Saved entries:

*-*-*

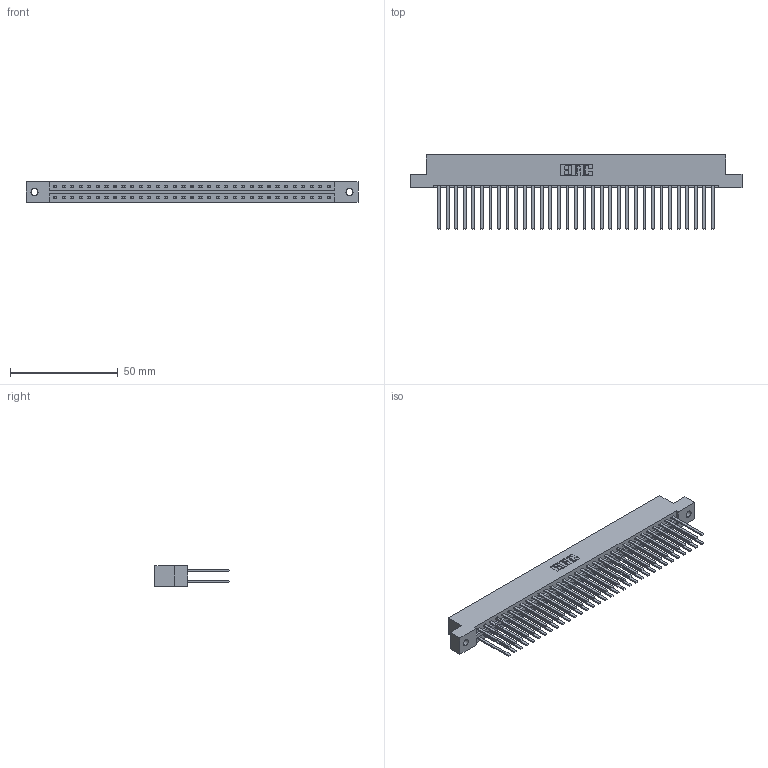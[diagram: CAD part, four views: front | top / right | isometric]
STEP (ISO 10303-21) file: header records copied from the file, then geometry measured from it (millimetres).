
FILE_DESCRIPTION (( 'STEP AP203' ), '1' );
FILE_NAME ('387-066-544-202.STEP', '2018-09-21T10:20:10', ( '' ), ( '' ), 'SwSTEP 2.0', 'SolidWorks 2016', '' );
FILE_SCHEMA (( 'CONFIG_CONTROL_DESIGN' ));
Length unit declared in the file: inch
Products named in the file (3): 337 Part_Flush Mounting Lugs - 0.128 Dia; 345-292-001_345-293-144; 387-066-544-202
Assembly tree (67 placements, depth 2):
  387-066-544-202
    337 Part_Flush Mounting Lugs - 0.128 Dia
    345-292-001_345-293-144  x66
Bounding box: 153.77 x 34.3 x 9.4 mm (x, y, z)
Volume: 16974.4 mm3; surface area: 21851.8 mm2
Topology: 67 solids, 67 shells, 3282 faces, 9749 edges, 6410 vertices
Faces by surface type: plane 2314, cylinder 968
Entity records: 26569 total; most frequent: CARTESIAN_POINT 4482, ORIENTED_EDGE 4418, DIRECTION 3825, EDGE_CURVE 2209, LINE 2085, VECTOR 2085, VERTEX_POINT 1470, AXIS2_PLACEMENT_3D 870

*-*-*

● **Your task**
Print the records above verbatim, minus any pictures.

● **Response to this task**
[diagram: CAD part, four views: front | top / right | isometric]
STEP (ISO 10303-21) file: header records copied from the file, then geometry measured from it (millimetres).
FILE_DESCRIPTION (( 'STEP AP203' ), '1' );
FILE_NAME ('387-066-544-202.STEP', '2018-09-21T10:20:10', ( '' ), ( '' ), 'SwSTEP 2.0', 'SolidWorks 2016', '' );
FILE_SCHEMA (( 'CONFIG_CONTROL_DESIGN' ));
Length unit declared in the file: inch
Products named in the file (3): 337 Part_Flush Mounting Lugs - 0.128 Dia; 345-292-001_345-293-144; 387-066-544-202
Assembly tree (67 placements, depth 2):
  387-066-544-202
    337 Part_Flush Mounting Lugs - 0.128 Dia
    345-292-001_345-293-144  x66
Bounding box: 153.77 x 34.3 x 9.4 mm (x, y, z)
Volume: 16974.4 mm3; surface area: 21851.8 mm2
Topology: 67 solids, 67 shells, 3282 faces, 9749 edges, 6410 vertices
Faces by surface type: plane 2314, cylinder 968
Entity records: 26569 total; most frequent: CARTESIAN_POINT 4482, ORIENTED_EDGE 4418, DIRECTION 3825, EDGE_CURVE 2209, LINE 2085, VECTOR 2085, VERTEX_POINT 1470, AXIS2_PLACEMENT_3D 870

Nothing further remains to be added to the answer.